Resolution: 2-strike rule with weekly aggregation. Scheduled monthly retraining as a safety net. Estimated retraining cost: $85/cycle (from doc 09). Budget: $255/quarter for 3 scheduled + emergency cycles.
Research Paper References
1. Confident Learning: Estimating Uncertainty in Dataset Labels (Northcutt et al., 2021)
Key contribution: A principled framework for finding label errors without knowing the true labels. Uses out-of-fold predictions to estimate the joint distribution between noisy and true labels, then identifies likely errors via per-class thresholds. The method found label errors in 10 of the most-cited benchmarks (ImageNet, CIFAR-100, etc.), with 54% precision at identifying real errors. Key insight: dataset quality is often the bottleneck, not model architecture.
Relevance to MangaAssist: Our annotation pipeline starts with noisy labels from crowdworkers. Confident Learning identifies the 8-12% noise rate and corrects it to 2-3%, which directly improves all downstream models (intent: +4.8%, sentiment: +3.2%).
2. Self-Instruct: Aligning Language Models with Self-Generated Instructions (Wang et al., 2022)
Key contribution: A framework for bootstrapping instruction-following data by having the LLM generate new instructions and responses from a small seed set. Starting with 175 seed tasks, the method generates 52K instructions with 82% quality (judged by humans). This enables fine-tuning at a fraction of the cost of fully human-labeled data.
Relevance to MangaAssist: Self-Instruct powers our synthetic data pipeline. We use Claude 3.5 Sonnet to generate 10× amplification from 200 seed examples per intent class. Combined with quality filtering (MinHash dedup, classifier confidence, spot-checks), this gives us 24,000 high-quality synthetic examples for $12/month.
3. Alpaca: A Strong, Replicable Instruction-Following Model (Taori et al., 2023)
Key contribution: Demonstrated that instruction-tuning a 7B LLaMA model on 52K Self-Instruct-generated examples (at a cost of $500) achieves GPT-3.5-comparable performance. The key insight: quality and diversity of instruction data matters more than quantity. 52K well-crafted examples outperform millions of noisy ones.

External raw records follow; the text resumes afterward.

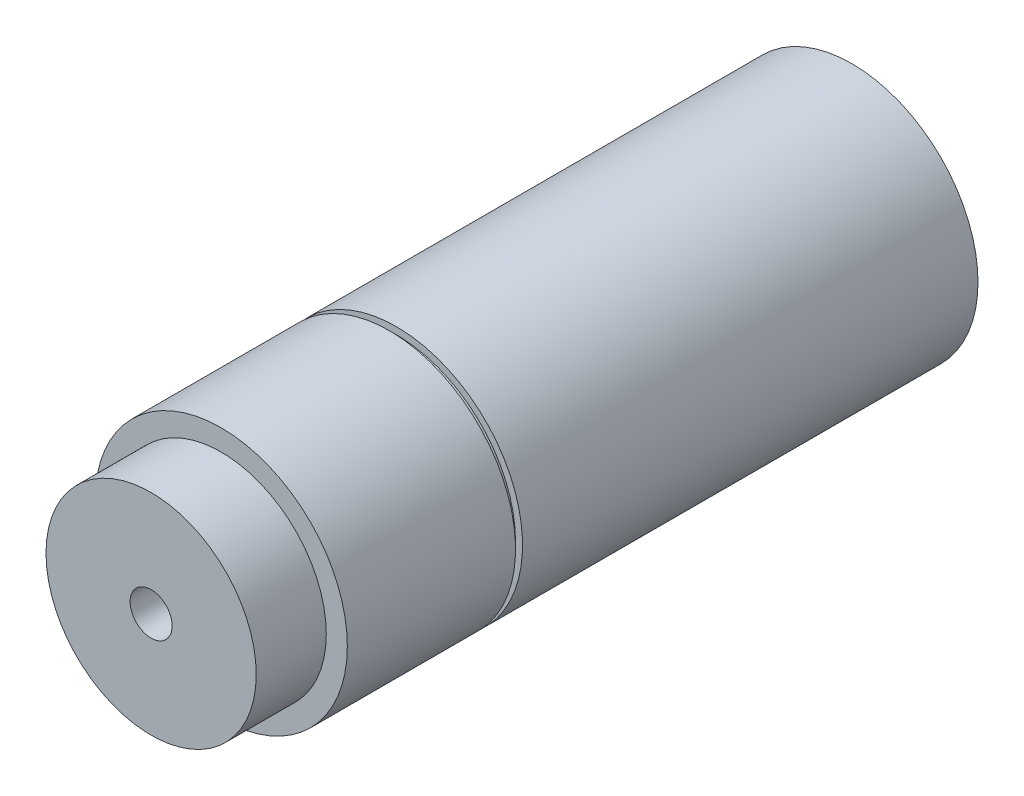
ISO-10303-21;
HEADER;
FILE_DESCRIPTION(('STEP AP214'),'2;1');
FILE_NAME('part.step','',(''),(''),'','','');
FILE_SCHEMA(('AUTOMOTIVE_DESIGN { 1 0 10303 214 1 1 1 1 }'));
ENDSEC;
DATA;
#1=APPLICATION_CONTEXT('core data for automotive mechanical design processes');
#2=APPLICATION_PROTOCOL_DEFINITION('international standard','automotive_design',2000,#1);
#3=PRODUCT_CONTEXT('',#1,'mechanical');
#4=PRODUCT('Part','Part','',(#3));
#5=PRODUCT_RELATED_PRODUCT_CATEGORY('part','',(#4));
#6=PRODUCT_DEFINITION_FORMATION('','',#4);
#7=PRODUCT_DEFINITION_CONTEXT('part definition',#1,'design');
#8=PRODUCT_DEFINITION('design','',#6,#7);
#9=PRODUCT_DEFINITION_SHAPE('','',#8);
#10=(LENGTH_UNIT() NAMED_UNIT(*) SI_UNIT(.MILLI.,.METRE.));
#11=(NAMED_UNIT(*) PLANE_ANGLE_UNIT() SI_UNIT($,.RADIAN.));
#12=(NAMED_UNIT(*) SI_UNIT($,.STERADIAN.) SOLID_ANGLE_UNIT());
#13=UNCERTAINTY_MEASURE_WITH_UNIT(LENGTH_MEASURE(1.E-05),#10,'distance_accuracy_value','');
#14=(GEOMETRIC_REPRESENTATION_CONTEXT(3) GLOBAL_UNCERTAINTY_ASSIGNED_CONTEXT((#13)) GLOBAL_UNIT_ASSIGNED_CONTEXT((#10,
#11,#12)) REPRESENTATION_CONTEXT('',''));
#15=CARTESIAN_POINT('',(0.,0.,0.));
#16=DIRECTION('',(0.,0.,1.));
#17=DIRECTION('',(1.,0.,0.));
#18=AXIS2_PLACEMENT_3D('',#15,#16,#17);
#19=CARTESIAN_POINT('',(0.,0.,100.));
#20=DIRECTION('',(0.,0.,-1.));
#21=DIRECTION('',(-1.,0.,0.));
#22=AXIS2_PLACEMENT_3D('',#19,#20,#21);
#23=CYLINDRICAL_SURFACE('',#22,18.);
#24=CARTESIAN_POINT('',(0.,0.,90.));
#25=DIRECTION('',(0.,0.,1.));
#26=DIRECTION('',(1.,0.,0.));
#27=AXIS2_PLACEMENT_3D('',#24,#25,#26);
#28=CIRCLE('',#27,18.);
#29=CARTESIAN_POINT('',(18.,0.,90.));
#30=VERTEX_POINT('',#29);
#31=EDGE_CURVE('E42',#30,#30,#28,.T.);
#32=ORIENTED_EDGE('',*,*,#31,.F.);
#33=EDGE_LOOP('',(#32));
#34=FACE_BOUND('',#33,.T.);
#35=CARTESIAN_POINT('',(0.,0.,66.));
#36=DIRECTION('',(0.,0.,-1.));
#37=DIRECTION('',(-1.,0.,0.));
#38=AXIS2_PLACEMENT_3D('',#35,#36,#37);
#39=CIRCLE('',#38,18.);
#40=CARTESIAN_POINT('',(-18.,0.,66.));
#41=VERTEX_POINT('',#40);
#42=EDGE_CURVE('E65',#41,#41,#39,.T.);
#43=ORIENTED_EDGE('',*,*,#42,.F.);
#44=EDGE_LOOP('',(#43));
#45=FACE_BOUND('',#44,.T.);
#46=ADVANCED_FACE('F38',(#34,#45),#23,.T.);
#47=CARTESIAN_POINT('',(0.,0.,65.));
#48=DIRECTION('',(0.,0.,-1.));
#49=DIRECTION('',(-1.,0.,0.));
#50=AXIS2_PLACEMENT_3D('',#47,#48,#49);
#51=CIRCLE('',#50,18.);
#52=CARTESIAN_POINT('',(-18.,0.,65.));
#53=VERTEX_POINT('',#52);
#54=EDGE_CURVE('E69',#53,#53,#51,.T.);
#55=ORIENTED_EDGE('',*,*,#54,.T.);
#56=EDGE_LOOP('',(#55));
#57=FACE_BOUND('',#56,.T.);
#58=CARTESIAN_POINT('',(0.,0.,0.));
#59=DIRECTION('',(0.,0.,1.));
#60=DIRECTION('',(1.,0.,0.));
#61=AXIS2_PLACEMENT_3D('',#58,#59,#60);
#62=CIRCLE('',#61,18.);
#63=CARTESIAN_POINT('',(18.,0.,0.));
#64=VERTEX_POINT('',#63);
#65=EDGE_CURVE('E10',#64,#64,#62,.T.);
#66=ORIENTED_EDGE('',*,*,#65,.T.);
#67=EDGE_LOOP('',(#66));
#68=FACE_BOUND('',#67,.T.);
#69=ADVANCED_FACE('F40',(#57,#68),#23,.T.);
#70=CARTESIAN_POINT('',(0.,0.,0.));
#71=DIRECTION('',(0.,0.,1.));
#72=DIRECTION('',(1.,0.,0.));
#73=AXIS2_PLACEMENT_3D('',#70,#71,#72);
#74=PLANE('',#73);
#75=CARTESIAN_POINT('',(0.,0.,0.));
#76=DIRECTION('',(0.,0.,1.));
#77=DIRECTION('',(1.,0.,0.));
#78=AXIS2_PLACEMENT_3D('',#75,#76,#77);
#79=CIRCLE('',#78,3.);
#80=CARTESIAN_POINT('',(3.,0.,0.));
#81=VERTEX_POINT('',#80);
#82=EDGE_CURVE('E57',#81,#81,#79,.T.);
#83=ORIENTED_EDGE('',*,*,#82,.T.);
#84=EDGE_LOOP('',(#83));
#85=FACE_BOUND('',#84,.T.);
#86=ORIENTED_EDGE('',*,*,#65,.F.);
#87=EDGE_LOOP('',(#86));
#88=FACE_BOUND('',#87,.T.);
#89=ADVANCED_FACE('F101',(#85,#88),#74,.F.);
#90=CARTESIAN_POINT('',(0.,0.,90.));
#91=DIRECTION('',(0.,0.,1.));
#92=DIRECTION('',(1.,0.,0.));
#93=AXIS2_PLACEMENT_3D('',#90,#91,#92);
#94=PLANE('',#93);
#95=CARTESIAN_POINT('',(0.,0.,90.));
#96=DIRECTION('',(0.,0.,1.));
#97=DIRECTION('',(1.,0.,0.));
#98=AXIS2_PLACEMENT_3D('',#95,#96,#97);
#99=CIRCLE('',#98,15.);
#100=CARTESIAN_POINT('',(15.,0.,90.));
#101=VERTEX_POINT('',#100);
#102=EDGE_CURVE('E51',#101,#101,#99,.T.);
#103=ORIENTED_EDGE('',*,*,#102,.F.);
#104=EDGE_LOOP('',(#103));
#105=FACE_BOUND('',#104,.T.);
#106=ORIENTED_EDGE('',*,*,#31,.T.);
#107=EDGE_LOOP('',(#106));
#108=FACE_BOUND('',#107,.T.);
#109=ADVANCED_FACE('F105',(#105,#108),#94,.T.);
#110=CARTESIAN_POINT('',(0.,0.,90.));
#111=DIRECTION('',(0.,0.,1.));
#112=DIRECTION('',(1.,0.,0.));
#113=AXIS2_PLACEMENT_3D('',#110,#111,#112);
#114=CYLINDRICAL_SURFACE('',#113,15.);
#115=ORIENTED_EDGE('',*,*,#102,.T.);
#116=EDGE_LOOP('',(#115));
#117=FACE_BOUND('',#116,.T.);
#118=CARTESIAN_POINT('',(0.,0.,100.));
#119=DIRECTION('',(0.,0.,1.));
#120=DIRECTION('',(1.,0.,0.));
#121=AXIS2_PLACEMENT_3D('',#118,#119,#120);
#122=CIRCLE('',#121,15.);
#123=CARTESIAN_POINT('',(15.,0.,100.));
#124=VERTEX_POINT('',#123);
#125=EDGE_CURVE('E53',#124,#124,#122,.T.);
#126=ORIENTED_EDGE('',*,*,#125,.F.);
#127=EDGE_LOOP('',(#126));
#128=FACE_BOUND('',#127,.T.);
#129=ADVANCED_FACE('F107',(#117,#128),#114,.T.);
#130=CARTESIAN_POINT('',(0.,0.,100.));
#131=DIRECTION('',(0.,0.,1.));
#132=DIRECTION('',(1.,0.,0.));
#133=AXIS2_PLACEMENT_3D('',#130,#131,#132);
#134=PLANE('',#133);
#135=CARTESIAN_POINT('',(0.,0.,100.));
#136=DIRECTION('',(0.,0.,1.));
#137=DIRECTION('',(1.,0.,0.));
#138=AXIS2_PLACEMENT_3D('',#135,#136,#137);
#139=CIRCLE('',#138,3.);
#140=CARTESIAN_POINT('',(3.,0.,100.));
#141=VERTEX_POINT('',#140);
#142=EDGE_CURVE('E61',#141,#141,#139,.T.);
#143=ORIENTED_EDGE('',*,*,#142,.F.);
#144=EDGE_LOOP('',(#143));
#145=FACE_BOUND('',#144,.T.);
#146=ORIENTED_EDGE('',*,*,#125,.T.);
#147=EDGE_LOOP('',(#146));
#148=FACE_BOUND('',#147,.T.);
#149=ADVANCED_FACE('F114',(#145,#148),#134,.T.);
#150=CARTESIAN_POINT('',(0.,0.,0.));
#151=DIRECTION('',(0.,0.,1.));
#152=DIRECTION('',(1.,0.,0.));
#153=AXIS2_PLACEMENT_3D('',#150,#151,#152);
#154=CYLINDRICAL_SURFACE('',#153,3.);
#155=ORIENTED_EDGE('',*,*,#82,.F.);
#156=EDGE_LOOP('',(#155));
#157=FACE_BOUND('',#156,.T.);
#158=ORIENTED_EDGE('',*,*,#142,.T.);
#159=EDGE_LOOP('',(#158));
#160=FACE_BOUND('',#159,.T.);
#161=ADVANCED_FACE('F92',(#157,#160),#154,.F.);
#162=CARTESIAN_POINT('',(0.,0.,66.));
#163=DIRECTION('',(0.,0.,-1.));
#164=DIRECTION('',(-1.,0.,0.));
#165=AXIS2_PLACEMENT_3D('',#162,#163,#164);
#166=PLANE('',#165);
#167=CARTESIAN_POINT('',(0.,0.,66.));
#168=DIRECTION('',(0.,0.,-1.));
#169=DIRECTION('',(-1.,0.,0.));
#170=AXIS2_PLACEMENT_3D('',#167,#168,#169);
#171=CIRCLE('',#170,17.);
#172=CARTESIAN_POINT('',(-17.,0.,66.));
#173=VERTEX_POINT('',#172);
#174=EDGE_CURVE('E73',#173,#173,#171,.T.);
#175=ORIENTED_EDGE('',*,*,#174,.F.);
#176=EDGE_LOOP('',(#175));
#177=FACE_BOUND('',#176,.T.);
#178=ORIENTED_EDGE('',*,*,#42,.T.);
#179=EDGE_LOOP('',(#178));
#180=FACE_BOUND('',#179,.T.);
#181=ADVANCED_FACE('F88',(#177,#180),#166,.T.);
#182=CARTESIAN_POINT('',(0.,0.,65.));
#183=DIRECTION('',(0.,0.,-1.));
#184=DIRECTION('',(-1.,0.,0.));
#185=AXIS2_PLACEMENT_3D('',#182,#183,#184);
#186=PLANE('',#185);
#187=CARTESIAN_POINT('',(0.,0.,65.));
#188=DIRECTION('',(0.,0.,-1.));
#189=DIRECTION('',(-1.,0.,0.));
#190=AXIS2_PLACEMENT_3D('',#187,#188,#189);
#191=CIRCLE('',#190,17.);
#192=CARTESIAN_POINT('',(-17.,0.,65.));
#193=VERTEX_POINT('',#192);
#194=EDGE_CURVE('E77',#193,#193,#191,.T.);
#195=ORIENTED_EDGE('',*,*,#194,.T.);
#196=EDGE_LOOP('',(#195));
#197=FACE_BOUND('',#196,.T.);
#198=ORIENTED_EDGE('',*,*,#54,.F.);
#199=EDGE_LOOP('',(#198));
#200=FACE_BOUND('',#199,.T.);
#201=ADVANCED_FACE('F91',(#197,#200),#186,.F.);
#202=CARTESIAN_POINT('',(0.,0.,66.));
#203=DIRECTION('',(0.,0.,-1.));
#204=DIRECTION('',(-1.,0.,0.));
#205=AXIS2_PLACEMENT_3D('',#202,#203,#204);
#206=CYLINDRICAL_SURFACE('',#205,17.);
#207=ORIENTED_EDGE('',*,*,#174,.T.);
#208=EDGE_LOOP('',(#207));
#209=FACE_BOUND('',#208,.T.);
#210=ORIENTED_EDGE('',*,*,#194,.F.);
#211=EDGE_LOOP('',(#210));
#212=FACE_BOUND('',#211,.T.);
#213=ADVANCED_FACE('F85',(#209,#212),#206,.T.);
#214=CLOSED_SHELL('',(#46,#69,#89,#109,#129,#149,#161,#181,#201,#213));
#215=MANIFOLD_SOLID_BREP('B2',#214);
#216=ADVANCED_BREP_SHAPE_REPRESENTATION('',(#18,#215),#14);
#217=SHAPE_DEFINITION_REPRESENTATION(#9,#216);
ENDSEC;
END-ISO-10303-21;

Relevance to MangaAssist: Alpaca validates our synthetic data strategy. Our 29,000 examples (5K real + 24K synthetic) at $12/month is an order of magnitude more efficient than the Alpaca approach, because we: (1) start with real production data as seeds (higher quality than synthetic seeds), (2) use Claude 3.5 Sonnet (better than text-davinci-003), and (3) apply Confident Learning filtering.
Production Results
Data Flywheel Impact Over 6 Months
| Month | Labeled Data | Noise Rate | Intent Acc | Embedding R@3 | Hallucination |
|---|---|---|---|---|---|
| 0 (launch) | 2,000 | 12% | 87.3% | 0.74 | 5.2% |
| 1 | 5,000 + 12K syn | 8% → 3% (CL) | 92.1% | 0.82 | 2.8% |
| 2 | 6,667 + 16K syn | 2.5% | 93.2% | 0.84 | 2.1% |
| 3 | 8,334 + 20K syn | 2.2% | 93.8% | 0.85 | 1.9% |
| 4 | 10,001 + 24K syn | 2.0% | 94.5% | 0.86 | 1.5% |
| 5 | 11,668 + 28K syn | 1.8% | 95.0% | 0.87 | 1.2% |
| 6 | 13,335 + 32K syn | 1.7% | 95.2% | 0.88 | 1.1% |
Cost
| Monthly Item | Cost |
|---|---|
| Human labeling (1,667 examples × 2 annotators) | $500 |
| Synthetic generation (Claude API) | $12 |
| Confident Learning compute | $5 |
| Active learning compute | $3 |
| Distribution shift monitoring | $2 |
| Total monthly data cost | $522 |
ROI: Quality improvement from month 0 to month 6: 87.3% → 95.2% intent accuracy = +7.9 points. Revenue impact of 1% accuracy improvement ≈ $800/month (fewer escalations, higher conversion). Total improvement ROI: 7.9 × $800 = $6,320/month revenue impact vs $522/month cost = 12.1:1 ROI.